Supplied records:
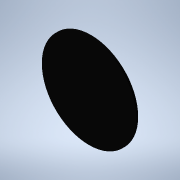
# Autodesk Inventor part: EGC-80-TB-KF__(CUP)
Saved by Autodesk Inventor 2021 (Build 250183000, 183)
## iProperties
Created: 2026-04-25
Part Number: EGC-80-TB-KF__(CUP)
Material: Generic
Catalog Web Link: www.3dfindit.com
Description: EGC-TB-CUPS-Cups
Vendor: FESTO
Document SubType Name: Modeling
Designer: psAdmin
Manufacturer: FESTO
Mass: 1.80956 g
Surface Area: 37.6991 cm^2
Volume: 1.80956 cm^3
Density: 1 g/cm^3
Appearance: PSOLRGB-80-80-80
Category: PARTsolutions
Company: FESTO
Title: EGC-80-TB-KF__(CUP)
Author: Cadenas PARTsolutions
Comments: Cups
PSOL_IDENT_0: {$CADENAS_DATA/23d-libs/festo/parts/e/egc/parts/egc_tb_cup.prj},183 {VTYP=3D},{NB=EGC-80-TB-KF__(CUP
PSOL_IDENT_1: )},{LINA=EGC-80-TB-KF__(CUP)},{NN=EGC-TB-CUPS},{DATE=08.09.2025 12:26:32},{GEOMDATE=02.09.2015 14:27
PSOL_IDENT_2: :23},{VERSION=},{LINEID=30},{WBVAR=},{WBNUMERIC=}  {NB=EGC-80-TB-KF__(CUP)},{LINA=EGC-80-TB-KF__(CUP
PSOL_IDENT_3: )},{KT=DUMMY},{TYP=EGC-80-TB-KF},{VERS=3.000},{SIZE=80.000},{D=48.000},{B=1.000}
NB: EGC-80-TB-KF__(CUP)
NN: EGC-TB-CUPS
NT: Cups
NBSYN: $TYP.__(CUP)
LINA: EGC-80-TB-KF__(CUP)
CATALOG: Festo
TYP: EGC-80-TB-KF
VERS: 3
SIZE: 80
D: 48
B: 1
SUPPLIER: FESTO
ARTICLENO: EGC-80-TB-KF__(CUP)
BOMINFO: EGC-80-TB-KF__(CUP)
CREATOR: CADENAS GmbH
Autodesk Inventor part; units mm, degrees
sketch "Sketch_1" plane through (0, 0, 0) normal (0, 0, 1) x (1, 0, 0)
  circle A0 centre (0, 0) radius 24
  constraints: 1 centre point
extrude "Extrusion1" add sketch "Sketch_1" against normal blind 1
ref_plane "CUP_XY" through (0, 0, 0) normal (0, 0, 1) x (1, 0, 0)
ref_plane "CUP_YZ" through (0, 0, 0) normal (1, 0, 0) x (0, 1, 0)
ref_plane "CUP_ZX" through (0, 0, 0) normal (0, 1, 0) x (0, 0, 1)
body "Solid1"
Autodesk Inventor part; units mm, degrees
(part 2 of 2)
  line L285 (-19.9642, -36.6708) -> (-19.322, -36.6708)
  line L286 (-19.322, -36.6708) -> (-19.322, -35.0579)
  line L287 (-19.322, -35.0579) -> (-19.9642, -35.0579)
  line L288 (-19.9642, -35.0579) -> (-19.9642, -34.5614)
  spline S239 degree 2 poles (-19.9642, -34.5614) (-19.8234, -34.5614) (-19.5443, -34.5244) (-19.4603, -34.4848) knots 0 0 0 1 2 2 2
  spline S240 degree 2 poles (-19.4603, -34.4848) (-19.3639, -34.4354) (-19.2553, -34.27) (-19.2454, -34.1465) knots 0 0 0 1 2 2 2
  line L289 (-19.2454, -34.1465) -> (-18.5785, -34.1465)
  line L290 (-18.5785, -34.1465) -> (-18.5785, -36.6708)
  line L291 (-18.5785, -36.6708) -> (-17.9511, -36.6708)
  line L292 (-17.9511, -36.6708) -> (-17.9511, -37.2019)
  spline S241 degree 2 poles (-15.1624, -36.1645) (-15.1624, -36.6461) (-15.7725, -37.2661) (-16.3061, -37.2661) knots 0 0 0 1 2 2 2
  spline S242 degree 2 poles (-16.3061, -37.2661) (-16.5728, -37.2661) (-16.9903, -37.1129) (-17.136, -36.9623) knots 0 0 0 1 2 2 2
  spline S243 degree 2 poles (-17.136, -36.9623) (-17.3089, -36.7869) (-17.4941, -36.2312) (-17.4941, -35.8434) knots 0 0 0 1 2 2 2
  spline S244 degree 2 poles (-17.4941, -35.8434) (-17.4941, -35.4432) (-17.3212, -34.8208) (-17.1261, -34.5812) knots 0 0 0 1 2 2 2
  spline S245 degree 2 poles (-17.1261, -34.5812) (-16.9409, -34.3539) (-16.3382, -34.0971) (-15.9257, -34.0971) knots 0 0 0 1 2 2 2
  spline S246 degree 2 poles (-15.9257, -34.0971) (-15.775, -34.0971) (-15.4737, -34.1366) (-15.4193, -34.1489) knots 0 0 0 1 2 2 2
  line L293 (-15.4193, -34.1489) -> (-15.4193, -34.7467)
  line L294 (-15.4193, -34.7467) -> (-15.4737, -34.7467)
  spline S247 degree 2 poles (-15.4737, -34.7467) (-15.528, -34.7195) (-15.775, -34.6528) (-15.9331, -34.6528) knots 0 0 0 1 2 2 2
  spline S248 degree 2 poles (-15.9331, -34.6528) (-16.2912, -34.6528) (-16.6815, -35.0307) (-16.7284, -35.3815) knots 0 0 0 1 2 2 2
  spline S249 degree 2 poles (-16.7284, -35.3815) (-16.5778, -35.2851) (-16.269, -35.1715) (-16.0739, -35.1715) knots 0 0 0 1 2 2 2
  spline S250 degree 2 poles (-16.0739, -35.1715) (-15.9084, -35.1715) (-15.6194, -35.2604) (-15.5083, -35.3444) knots 0 0 0 1 2 2 2
  spline S251 degree 2 poles (-15.5083, -35.3444) (-15.3502, -35.4654) (-15.1624, -35.8582) (-15.1624, -36.1645) knots 0 0 0 1 2 2 2
  spline S252 degree 2 poles (-16.0541, -36.6239) (-15.9948, -36.5498) (-15.9306, -36.3769) (-15.9306, -36.2015) knots 0 0 0 1 2 2 2
  spline S253 degree 2 poles (-15.9306, -36.2015) (-15.9306, -36.0533) (-16.0047, -35.8606) (-16.0714, -35.8038) knots 0 0 0 1 2 2 2
  spline S254 degree 2 poles (-16.0714, -35.8038) (-16.1406, -35.7446) (-16.311, -35.7026) (-16.4073, -35.7026) knots 0 0 0 1 2 2 2
  spline S255 degree 2 poles (-16.4073, -35.7026) (-16.4888, -35.7026) (-16.6568, -35.7446) (-16.7309, -35.7742) knots 0 0 0 1 2 2 2
  spline S256 degree 2 poles (-16.7309, -35.7742) (-16.7309, -35.794) (-16.7359, -35.8878) (-16.7359, -35.9594) knots 0 0 0 1 2 2 2
  spline S257 degree 2 poles (-16.7359, -35.9594) (-16.7359, -36.2237) (-16.6445, -36.5424) (-16.5728, -36.6239) knots 0 0 0 1 2 2 2
  spline S258 degree 2 poles (-16.5728, -36.6239) (-16.521, -36.6906) (-16.3826, -36.7474) (-16.3085, -36.7474) knots 0 0 0 1 2 2 2
  spline S259 degree 2 poles (-16.3085, -36.7474) (-16.2468, -36.7474) (-16.1035, -36.6856) (-16.0541, -36.6239) knots 0 0 0 1 2 2 2
  line L295 (-12.8061, -37.2019) -> (-13.5224, -37.2019)
  line L296 (-13.5224, -37.2019) -> (-13.5224, -34.9023)
  line L297 (-13.5224, -34.9023) -> (-12.8061, -34.9023)
  line L298 (-12.8061, -34.9023) -> (-12.8061, -37.2019)
  line L299 (-12.7838, -34.5738) -> (-13.5421, -34.5738)
  line L300 (-13.5421, -34.5738) -> (-13.5421, -34.0155)
  line L301 (-13.5421, -34.0155) -> (-12.7838, -34.0155)
  line L302 (-12.7838, -34.0155) -> (-12.7838, -34.5738)
  line L303 (-10.1063, -37.2019) -> (-10.8276, -37.2019)
  line L304 (-10.8276, -37.2019) -> (-10.8276, -36.0632)
  spline S260 degree 2 poles (-10.8276, -36.0632) (-10.8276, -35.9224) (-10.8498, -35.6458) (-10.8794, -35.5815) knots 0 0 0 1 2 2 2
  spline S261 degree 2 poles (-10.8794, -35.5815) (-10.9165, -35.5025) (-11.0548, -35.4358) (-11.1734, -35.4358) knots 0 0 0 1 2 2 2
  spline S262 degree 2 poles (-11.1734, -35.4358) (-11.2598, -35.4358) (-11.4401, -35.5025) (-11.5414, -35.5741) knots 0 0 0 1 2 2 2
  line L305 (-11.5414, -35.5741) -> (-11.5414, -37.2019)
  line L306 (-11.5414, -37.2019) -> (-12.2577, -37.2019)
  line L307 (-12.2577, -37.2019) -> (-12.2577, -34.9023)
  line L308 (-12.2577, -34.9023) -> (-11.5414, -34.9023)
  line L309 (-11.5414, -34.9023) -> (-11.5414, -35.1567)
  spline S263 degree 2 poles (-11.5414, -35.1567) (-11.366, -35.0085) (-11.0326, -34.8405) (-10.83, -34.8405) knots 0 0 0 1 2 2 2
  spline S264 degree 2 poles (-10.83, -34.8405) (-10.4793, -34.8405) (-10.1063, -35.2851) (-10.1063, -35.705) knots 0 0 0 1 2 2 2
  line L310 (-10.1063, -35.705) -> (-10.1063, -37.2019)
  spline S265 degree 2 poles (-8.4489, -37.2636) (-8.733, -37.2636) (-9.2048, -37.1204) (-9.3801, -36.9722) knots 0 0 0 1 2 2 2
  spline S266 degree 2 poles (-9.3801, -36.9722) (-9.5506, -36.8215) (-9.7432, -36.3695) (-9.7432, -36.0632) knots 0 0 0 1 2 2 2
  spline S267 degree 2 poles (-9.7432, -36.0632) (-9.7432, -35.7322) (-9.5358, -35.2703) (-9.3554, -35.1221) knots 0 0 0 1 2 2 2
  spline S268 degree 2 poles (-9.3554, -35.1221) (-9.185, -34.9789) (-8.7206, -34.8405) (-8.4687, -34.8405) knots 0 0 0 1 2 2 2
  spline S269 degree 2 poles (-8.4687, -34.8405) (-8.2785, -34.8405) (-7.8981, -34.9295) (-7.7055, -35.0258) knots 0 0 0 1 2 2 2
  line L311 (-7.7055, -35.0258) -> (-7.7055, -35.6383)
  line L312 (-7.7055, -35.6383) -> (-7.7969, -35.6383)
  spline S270 degree 2 poles (-7.7969, -35.6383) (-7.8413, -35.5964) (-7.9648, -35.4976) (-8.0389, -35.458) knots 0 0 0 1 2 2 2
  spline S271 degree 2 poles (-8.0389, -35.458) (-8.118, -35.4136) (-8.3131, -35.3543) (-8.4341, -35.3543) knots 0 0 0 1 2 2 2
  spline S272 degree 2 poles (-8.4341, -35.3543) (-8.7083, -35.3543) (-9.0096, -35.7371) (-9.0096, -36.0632) knots 0 0 0 1 2 2 2
  spline S273 degree 2 poles (-9.0096, -36.0632) (-9.0096, -36.409) (-8.6885, -36.7499) (-8.4218, -36.7499) knots 0 0 0 1 2 2 2
  spline S274 degree 2 poles (-8.4218, -36.7499) (-8.2859, -36.7499) (-8.0834, -36.6881) (-8.0093, -36.6436) knots 0 0 0 1 2 2 2
  spline S275 degree 2 poles (-8.0093, -36.6436) (-7.9377, -36.6017) (-7.8339, -36.5078) (-7.7969, -36.4707) knots 0 0 0 1 2 2 2
  line L313 (-7.7969, -36.4707) -> (-7.7055, -36.4707)
  line L314 (-7.7055, -36.4707) -> (-7.7055, -37.0858)
  spline S276 degree 2 poles (-7.7055, -37.0858) (-7.7672, -37.1129) (-7.9278, -37.1821) (-8.0118, -37.2043) knots 0 0 0 1 2 2 2
  spline S277 degree 2 poles (-8.0118, -37.2043) (-8.1155, -37.234) (-8.2983, -37.2636) (-8.4489, -37.2636) knots 0 0 0 1 2 2 2
  line L315 (-5.2132, -37.2019) -> (-5.9345, -37.2019)
  line L316 (-5.9345, -37.2019) -> (-5.9345, -36.0632)
  spline S278 degree 2 poles (-5.9345, -36.0632) (-5.9345, -35.9224) (-5.9567, -35.6458) (-5.9863, -35.5815) knots 0 0 0 1 2 2 2
  spline S279 degree 2 poles (-5.9863, -35.5815) (-6.0234, -35.5025) (-6.1617, -35.4358) (-6.2803, -35.4358) knots 0 0 0 1 2 2 2
  spline S280 degree 2 poles (-6.2803, -35.4358) (-6.3667, -35.4358) (-6.547, -35.5025) (-6.6483, -35.5741) knots 0 0 0 1 2 2 2
  line L317 (-6.6483, -35.5741) -> (-6.6483, -37.2019)
  line L318 (-6.6483, -37.2019) -> (-7.3646, -37.2019)
  line L319 (-7.3646, -37.2019) -> (-7.3646, -34.018)
  line L320 (-7.3646, -34.018) -> (-6.6483, -34.018)
  line L321 (-6.6483, -34.018) -> (-6.6483, -35.1567)
  spline S281 degree 2 poles (-6.6483, -35.1567) (-6.4729, -35.0085) (-6.1395, -34.8405) (-5.9369, -34.8405) knots 0 0 0 1 2 2 2
  spline S282 degree 2 poles (-5.9369, -34.8405) (-5.5862, -34.8405) (-5.2132, -35.2851) (-5.2132, -35.705) knots 0 0 0 1 2 2 2
  line L322 (-5.2132, -35.705) -> (-5.2132, -37.2019)
  line L323 (7.0212, -34.759) -> (5.7195, -37.2019)
  line L324 (5.7195, -37.2019) -> (4.8698, -37.2019)
  line L325 (4.8698, -37.2019) -> (6.2307, -34.7294)
  line L326 (6.2307, -34.7294) -> (4.7784, -34.7294)
  line L327 (4.7784, -34.7294) -> (4.7784, -34.1539)
  line L328 (4.7784, -34.1539) -> (7.0212, -34.1539)
  line L329 (7.0212, -34.1539) -> (7.0212, -34.759)
  line L330 (9.2516, -34.018) -> (8.0388, -37.8638)
  line L331 (8.0388, -37.8638) -> (7.4509, -37.8638)
  line L332 (7.4509, -37.8638) -> (8.6612, -34.018)
  line L333 (8.6612, -34.018) -> (9.2516, -34.018)
  spline S283 degree 2 poles (12.1588, -36.1645) (12.1588, -36.6461) (11.5487, -37.2661) (11.0152, -37.2661) knots 0 0 0 1 2 2 2
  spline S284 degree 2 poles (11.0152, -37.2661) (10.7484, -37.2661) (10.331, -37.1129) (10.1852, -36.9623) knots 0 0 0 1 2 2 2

Task: Show all lines in the entries above where the word "PARTsolutions" appears.

Exercise output:
Category: PARTsolutions
Author: Cadenas PARTsolutions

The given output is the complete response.